**TRY IT**
Only one stretch of the listing below is wanted. Begin at the line that has "#236=EDGE_CURVE('E109',#63,#106,#235,.T.);", stop after the line that has "#257=DIRECTION('',(0.,0.,-1.));", and repeat every line in between exactly.

======

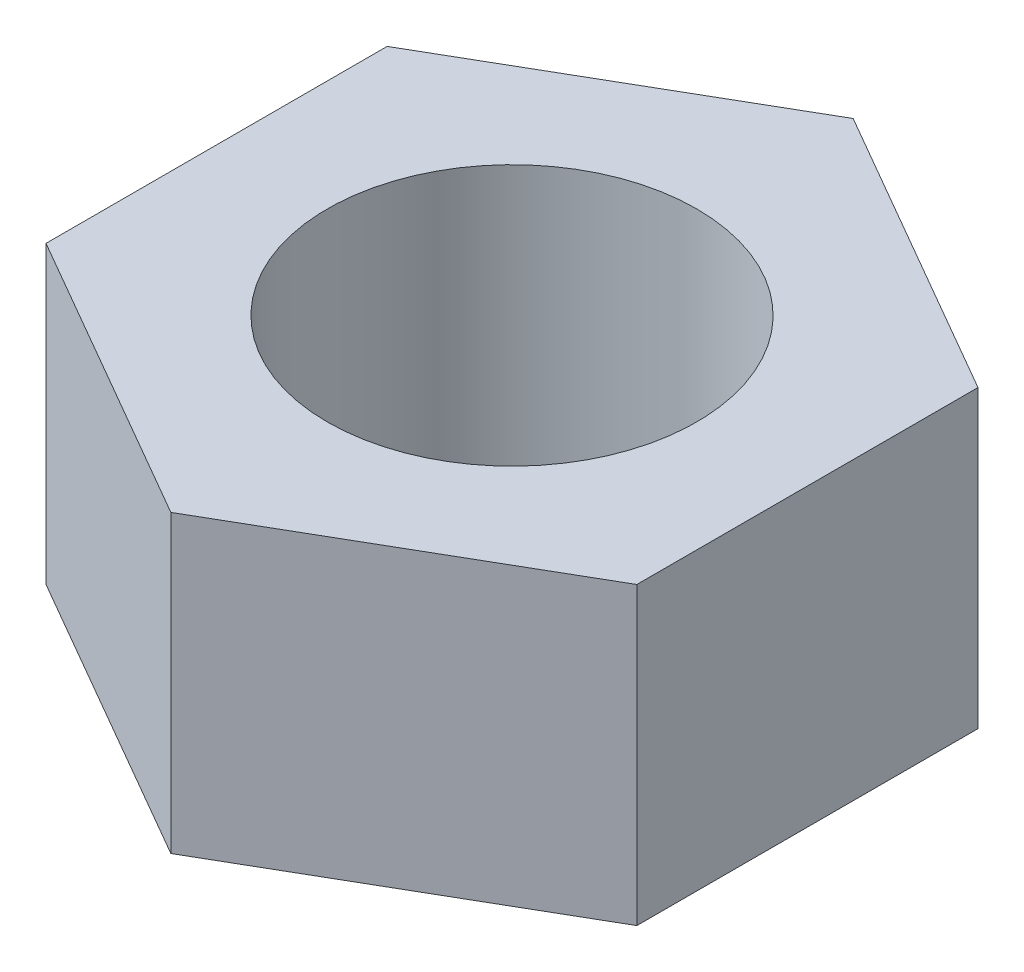
ISO-10303-21;
HEADER;
FILE_DESCRIPTION(('STEP AP214'),'2;1');
FILE_NAME('part.step','',(''),(''),'','','');
FILE_SCHEMA(('AUTOMOTIVE_DESIGN { 1 0 10303 214 1 1 1 1 }'));
ENDSEC;
DATA;
#1=APPLICATION_CONTEXT('core data for automotive mechanical design processes');
#2=APPLICATION_PROTOCOL_DEFINITION('international standard','automotive_design',2000,#1);
#3=PRODUCT_CONTEXT('',#1,'mechanical');
#4=PRODUCT('Part','Part','',(#3));
#5=PRODUCT_RELATED_PRODUCT_CATEGORY('part','',(#4));
#6=PRODUCT_DEFINITION_FORMATION('','',#4);
#7=PRODUCT_DEFINITION_CONTEXT('part definition',#1,'design');
#8=PRODUCT_DEFINITION('design','',#6,#7);
#9=PRODUCT_DEFINITION_SHAPE('','',#8);
#10=(LENGTH_UNIT() NAMED_UNIT(*) SI_UNIT(.MILLI.,.METRE.));
#11=(NAMED_UNIT(*) PLANE_ANGLE_UNIT() SI_UNIT($,.RADIAN.));
#12=(NAMED_UNIT(*) SI_UNIT($,.STERADIAN.) SOLID_ANGLE_UNIT());
#13=UNCERTAINTY_MEASURE_WITH_UNIT(LENGTH_MEASURE(1.E-05),#10,'distance_accuracy_value','');
#14=(GEOMETRIC_REPRESENTATION_CONTEXT(3) GLOBAL_UNCERTAINTY_ASSIGNED_CONTEXT((#13)) GLOBAL_UNIT_ASSIGNED_CONTEXT((#10,
#11,#12)) REPRESENTATION_CONTEXT('',''));
#15=CARTESIAN_POINT('',(0.,0.,0.));
#16=DIRECTION('',(0.,0.,1.));
#17=DIRECTION('',(1.,0.,0.));
#18=AXIS2_PLACEMENT_3D('',#15,#16,#17);
#19=CARTESIAN_POINT('',(0.,4.,0.));
#20=DIRECTION('',(0.,1.,0.));
#21=DIRECTION('',(0.,0.,1.));
#22=AXIS2_PLACEMENT_3D('',#19,#20,#21);
#23=PLANE('',#22);
#24=DIRECTION('',(-0.866025403784439,0.,-0.5));
#25=VECTOR('',#24,1.);
#26=CARTESIAN_POINT('',(4.,4.,-2.3094010767585));
#27=LINE('',#26,#25);
#28=CARTESIAN_POINT('',(4.,4.,-2.3094010767585));
#29=VERTEX_POINT('',#28);
#30=CARTESIAN_POINT('',(0.,4.,-4.61880215351701));
#31=VERTEX_POINT('',#30);
#32=EDGE_CURVE('E128',#29,#31,#27,.T.);
#33=ORIENTED_EDGE('',*,*,#32,.T.);
#34=DIRECTION('',(-0.866025403784439,0.,0.5));
#35=VECTOR('',#34,1.);
#36=CARTESIAN_POINT('',(0.,4.,-4.61880215351701));
#37=LINE('',#36,#35);
#38=CARTESIAN_POINT('',(-4.,4.,-2.3094010767585));
#39=VERTEX_POINT('',#38);
#40=EDGE_CURVE('E86',#31,#39,#37,.T.);
#41=ORIENTED_EDGE('',*,*,#40,.T.);
#42=DIRECTION('',(0.,0.,1.));
#43=VECTOR('',#42,1.);
#44=CARTESIAN_POINT('',(-4.,4.,-2.3094010767585));
#45=LINE('',#44,#43);
#46=CARTESIAN_POINT('',(-4.,4.,2.3094010767585));
#47=VERTEX_POINT('',#46);
#48=EDGE_CURVE('E99',#39,#47,#45,.T.);
#49=ORIENTED_EDGE('',*,*,#48,.T.);
#50=DIRECTION('',(0.866025403784439,0.,0.5));
#51=VECTOR('',#50,1.);
#52=CARTESIAN_POINT('',(-4.,4.,2.3094010767585));
#53=LINE('',#52,#51);
#54=CARTESIAN_POINT('',(0.,4.,4.61880215351701));
#55=VERTEX_POINT('',#54);
#56=EDGE_CURVE('E93',#47,#55,#53,.T.);
#57=ORIENTED_EDGE('',*,*,#56,.T.);
#58=DIRECTION('',(0.866025403784439,0.,-0.5));
#59=VECTOR('',#58,1.);
#60=CARTESIAN_POINT('',(0.,4.,4.61880215351701));
#61=LINE('',#60,#59);
#62=CARTESIAN_POINT('',(4.,4.,2.30940107675851));
#63=VERTEX_POINT('',#62);
#64=EDGE_CURVE('E97',#55,#63,#61,.T.);
#65=ORIENTED_EDGE('',*,*,#64,.T.);
#66=DIRECTION('',(0.,0.,-1.));
#67=VECTOR('',#66,1.);
#68=CARTESIAN_POINT('',(4.,4.,2.30940107675851));
#69=LINE('',#68,#67);
#70=EDGE_CURVE('E49',#63,#29,#69,.T.);
#71=ORIENTED_EDGE('',*,*,#70,.T.);
#72=EDGE_LOOP('',(#33,#41,#49,#57,#65,#71));
#73=FACE_BOUND('',#72,.T.);
#74=CARTESIAN_POINT('',(0.,4.,0.));
#75=DIRECTION('',(0.,1.,0.));
#76=DIRECTION('',(0.,0.,1.));
#77=AXIS2_PLACEMENT_3D('',#74,#75,#76);
#78=CIRCLE('',#77,2.5);
#79=CARTESIAN_POINT('',(0.,4.,2.5));
#80=VERTEX_POINT('',#79);
#81=EDGE_CURVE('E121',#80,#80,#78,.T.);
#82=ORIENTED_EDGE('',*,*,#81,.F.);
#83=EDGE_LOOP('',(#82));
#84=FACE_BOUND('',#83,.T.);
#85=ADVANCED_FACE('F32',(#73,#84),#23,.T.);
#86=CARTESIAN_POINT('',(0.,0.,0.));
#87=DIRECTION('',(0.,1.,0.));
#88=DIRECTION('',(0.,0.,1.));
#89=AXIS2_PLACEMENT_3D('',#86,#87,#88);
#90=PLANE('',#89);
#91=DIRECTION('',(-0.866025403784439,0.,-0.5));
#92=VECTOR('',#91,1.);
#93=CARTESIAN_POINT('',(4.,0.,-2.3094010767585));
#94=LINE('',#93,#92);
#95=CARTESIAN_POINT('',(4.,0.,-2.3094010767585));
#96=VERTEX_POINT('',#95);
#97=CARTESIAN_POINT('',(0.,0.,-4.61880215351701));
#98=VERTEX_POINT('',#97);
#99=EDGE_CURVE('E117',#96,#98,#94,.T.);
#100=ORIENTED_EDGE('',*,*,#99,.F.);
#101=DIRECTION('',(0.,0.,-1.));
#102=VECTOR('',#101,1.);
#103=CARTESIAN_POINT('',(4.,0.,2.30940107675851));
#104=LINE('',#103,#102);
#105=CARTESIAN_POINT('',(4.,0.,2.30940107675851));
#106=VERTEX_POINT('',#105);
#107=EDGE_CURVE('E78',#106,#96,#104,.T.);
#108=ORIENTED_EDGE('',*,*,#107,.F.);
#109=DIRECTION('',(0.866025403784439,0.,-0.5));
#110=VECTOR('',#109,1.);
#111=CARTESIAN_POINT('',(0.,0.,4.61880215351701));
#112=LINE('',#111,#110);
#113=CARTESIAN_POINT('',(0.,0.,4.61880215351701));
#114=VERTEX_POINT('',#113);
#115=EDGE_CURVE('E72',#114,#106,#112,.T.);
#116=ORIENTED_EDGE('',*,*,#115,.F.);
#117=DIRECTION('',(0.866025403784439,0.,0.5));
#118=VECTOR('',#117,1.);
#119=CARTESIAN_POINT('',(-4.,0.,2.3094010767585));
#120=LINE('',#119,#118);
#121=CARTESIAN_POINT('',(-4.,0.,2.3094010767585));
#122=VERTEX_POINT('',#121);
#123=EDGE_CURVE('E107',#122,#114,#120,.T.);
#124=ORIENTED_EDGE('',*,*,#123,.F.);
#125=DIRECTION('',(0.,0.,1.));
#126=VECTOR('',#125,1.);
#127=CARTESIAN_POINT('',(-4.,0.,-2.3094010767585));
#128=LINE('',#127,#126);
#129=CARTESIAN_POINT('',(-4.,0.,-2.3094010767585));
#130=VERTEX_POINT('',#129);
#131=EDGE_CURVE('E123',#130,#122,#128,.T.);
#132=ORIENTED_EDGE('',*,*,#131,.F.);
#133=DIRECTION('',(-0.866025403784439,0.,0.5));
#134=VECTOR('',#133,1.);
#135=CARTESIAN_POINT('',(0.,0.,-4.61880215351701));
#136=LINE('',#135,#134);
#137=EDGE_CURVE('E120',#98,#130,#136,.T.);
#138=ORIENTED_EDGE('',*,*,#137,.F.);
#139=EDGE_LOOP('',(#100,#108,#116,#124,#132,#138));
#140=FACE_BOUND('',#139,.T.);
#141=CARTESIAN_POINT('',(0.,0.,0.));
#142=DIRECTION('',(0.,1.,0.));
#143=DIRECTION('',(0.,0.,1.));
#144=AXIS2_PLACEMENT_3D('',#141,#142,#143);
#145=CIRCLE('',#144,2.5);
#146=CARTESIAN_POINT('',(0.,0.,2.5));
#147=VERTEX_POINT('',#146);
#148=EDGE_CURVE('E221',#147,#147,#145,.T.);
#149=ORIENTED_EDGE('',*,*,#148,.T.);
#150=EDGE_LOOP('',(#149));
#151=FACE_BOUND('',#150,.T.);
#152=ADVANCED_FACE('F137',(#140,#151),#90,.F.);
#153=CARTESIAN_POINT('',(4.,4.,-2.3094010767585));
#154=DIRECTION('',(-0.5,0.,0.866025403784439));
#155=DIRECTION('',(0.866025403784439,0.,0.5));
#156=AXIS2_PLACEMENT_3D('',#153,#154,#155);
#157=PLANE('',#156);
#158=ORIENTED_EDGE('',*,*,#99,.T.);
#159=DIRECTION('',(0.,-1.,0.));
#160=VECTOR('',#159,1.);
#161=CARTESIAN_POINT('',(0.,4.,-4.61880215351701));
#162=LINE('',#161,#160);
#163=EDGE_CURVE('E11',#31,#98,#162,.T.);
#164=ORIENTED_EDGE('',*,*,#163,.F.);
#165=ORIENTED_EDGE('',*,*,#32,.F.);
#166=DIRECTION('',(0.,-1.,0.));
#167=VECTOR('',#166,1.);
#168=CARTESIAN_POINT('',(4.,4.,-2.3094010767585));
#169=LINE('',#168,#167);
#170=EDGE_CURVE('E113',#29,#96,#169,.T.);
#171=ORIENTED_EDGE('',*,*,#170,.T.);
#172=EDGE_LOOP('',(#158,#164,#165,#171));
#173=FACE_BOUND('',#172,.T.);
#174=ADVANCED_FACE('F34',(#173),#157,.F.);
#175=CARTESIAN_POINT('',(0.,4.,-4.61880215351701));
#176=DIRECTION('',(0.5,0.,0.866025403784439));
#177=DIRECTION('',(0.866025403784439,0.,-0.5));
#178=AXIS2_PLACEMENT_3D('',#175,#176,#177);
#179=PLANE('',#178);
#180=ORIENTED_EDGE('',*,*,#137,.T.);
#181=DIRECTION('',(0.,-1.,0.));
#182=VECTOR('',#181,1.);
#183=CARTESIAN_POINT('',(-4.,4.,-2.3094010767585));
#184=LINE('',#183,#182);
#185=EDGE_CURVE('E41',#39,#130,#184,.T.);
#186=ORIENTED_EDGE('',*,*,#185,.F.);
#187=ORIENTED_EDGE('',*,*,#40,.F.);
#188=ORIENTED_EDGE('',*,*,#163,.T.);
#189=EDGE_LOOP('',(#180,#186,#187,#188));
#190=FACE_BOUND('',#189,.T.);
#191=ADVANCED_FACE('F162',(#190),#179,.F.);
#192=CARTESIAN_POINT('',(-4.,4.,-2.3094010767585));
#193=DIRECTION('',(1.,0.,0.));
#194=DIRECTION('',(0.,0.,-1.));
#195=AXIS2_PLACEMENT_3D('',#192,#193,#194);
#196=PLANE('',#195);
#197=ORIENTED_EDGE('',*,*,#131,.T.);
#198=DIRECTION('',(0.,-1.,0.));
#199=VECTOR('',#198,1.);
#200=CARTESIAN_POINT('',(-4.,4.,2.3094010767585));
#201=LINE('',#200,#199);
#202=EDGE_CURVE('E108',#47,#122,#201,.T.);
#203=ORIENTED_EDGE('',*,*,#202,.F.);
#204=ORIENTED_EDGE('',*,*,#48,.F.);
#205=ORIENTED_EDGE('',*,*,#185,.T.);
#206=EDGE_LOOP('',(#197,#203,#204,#205));
#207=FACE_BOUND('',#206,.T.);
#208=ADVANCED_FACE('F134',(#207),#196,.F.);
#209=CARTESIAN_POINT('',(-4.,4.,2.3094010767585));
#210=DIRECTION('',(0.5,0.,-0.866025403784439));
#211=DIRECTION('',(-0.866025403784439,0.,-0.5));
#212=AXIS2_PLACEMENT_3D('',#209,#210,#211);
#213=PLANE('',#212);
#214=ORIENTED_EDGE('',*,*,#123,.T.);
#215=DIRECTION('',(0.,-1.,0.));
#216=VECTOR('',#215,1.);
#217=CARTESIAN_POINT('',(0.,4.,4.61880215351701));
#218=LINE('',#217,#216);
#219=EDGE_CURVE('E104',#55,#114,#218,.T.);
#220=ORIENTED_EDGE('',*,*,#219,.F.);
#221=ORIENTED_EDGE('',*,*,#56,.F.);
#222=ORIENTED_EDGE('',*,*,#202,.T.);
#223=EDGE_LOOP('',(#214,#220,#221,#222));
#224=FACE_BOUND('',#223,.T.);
#225=ADVANCED_FACE('F105',(#224),#213,.F.);
#226=CARTESIAN_POINT('',(0.,4.,4.61880215351701));
#227=DIRECTION('',(-0.5,0.,-0.866025403784439));
#228=DIRECTION('',(-0.866025403784439,0.,0.5));
#229=AXIS2_PLACEMENT_3D('',#226,#227,#228);
#230=PLANE('',#229);
#231=ORIENTED_EDGE('',*,*,#115,.T.);
#232=DIRECTION('',(0.,-1.,0.));
#233=VECTOR('',#232,1.);
#234=CARTESIAN_POINT('',(4.,4.,2.30940107675851));
#235=LINE('',#234,#233);
#236=EDGE_CURVE('E109',#63,#106,#235,.T.);
#237=ORIENTED_EDGE('',*,*,#236,.F.);
#238=ORIENTED_EDGE('',*,*,#64,.F.);
#239=ORIENTED_EDGE('',*,*,#219,.T.);
#240=EDGE_LOOP('',(#231,#237,#238,#239));
#241=FACE_BOUND('',#240,.T.);
#242=ADVANCED_FACE('F111',(#241),#230,.F.);
#243=CARTESIAN_POINT('',(4.,4.,2.30940107675851));
#244=DIRECTION('',(-1.,0.,0.));
#245=DIRECTION('',(0.,0.,1.));
#246=AXIS2_PLACEMENT_3D('',#243,#244,#245);
#247=PLANE('',#246);
#248=ORIENTED_EDGE('',*,*,#107,.T.);
#249=ORIENTED_EDGE('',*,*,#170,.F.);
#250=ORIENTED_EDGE('',*,*,#70,.F.);
#251=ORIENTED_EDGE('',*,*,#236,.T.);
#252=EDGE_LOOP('',(#248,#249,#250,#251));
#253=FACE_BOUND('',#252,.T.);
#254=ADVANCED_FACE('F142',(#253),#247,.F.);
#255=CARTESIAN_POINT('',(0.,4.,0.));
#256=DIRECTION('',(0.,-1.,0.));
#257=DIRECTION('',(0.,0.,-1.));
#258=AXIS2_PLACEMENT_3D('',#255,#256,#257);
#259=CYLINDRICAL_SURFACE('',#258,2.5);
#260=ORIENTED_EDGE('',*,*,#81,.T.);
#261=EDGE_LOOP('',(#260));
#262=FACE_BOUND('',#261,.T.);
#263=ORIENTED_EDGE('',*,*,#148,.F.);
#264=EDGE_LOOP('',(#263));
#265=FACE_BOUND('',#264,.T.);
#266=ADVANCED_FACE('F144',(#262,#265),#259,.F.);
#267=CLOSED_SHELL('',(#85,#152,#174,#191,#208,#225,#242,#254,#266));
#268=MANIFOLD_SOLID_BREP('B2',#267);
#269=ADVANCED_BREP_SHAPE_REPRESENTATION('',(#18,#268),#14);
#270=SHAPE_DEFINITION_REPRESENTATION(#9,#269);
ENDSEC;
END-ISO-10303-21;

======

**SOLUTION**
#236=EDGE_CURVE('E109',#63,#106,#235,.T.);
#237=ORIENTED_EDGE('',*,*,#236,.F.);
#238=ORIENTED_EDGE('',*,*,#64,.F.);
#239=ORIENTED_EDGE('',*,*,#219,.T.);
#240=EDGE_LOOP('',(#231,#237,#238,#239));
#241=FACE_BOUND('',#240,.T.);
#242=ADVANCED_FACE('F111',(#241),#230,.F.);
#243=CARTESIAN_POINT('',(4.,4.,2.30940107675851));
#244=DIRECTION('',(-1.,0.,0.));
#245=DIRECTION('',(0.,0.,1.));
#246=AXIS2_PLACEMENT_3D('',#243,#244,#245);
#247=PLANE('',#246);
#248=ORIENTED_EDGE('',*,*,#107,.T.);
#249=ORIENTED_EDGE('',*,*,#170,.F.);
#250=ORIENTED_EDGE('',*,*,#70,.F.);
#251=ORIENTED_EDGE('',*,*,#236,.T.);
#252=EDGE_LOOP('',(#248,#249,#250,#251));
#253=FACE_BOUND('',#252,.T.);
#254=ADVANCED_FACE('F142',(#253),#247,.F.);
#255=CARTESIAN_POINT('',(0.,4.,0.));
#256=DIRECTION('',(0.,-1.,0.));
#257=DIRECTION('',(0.,0.,-1.));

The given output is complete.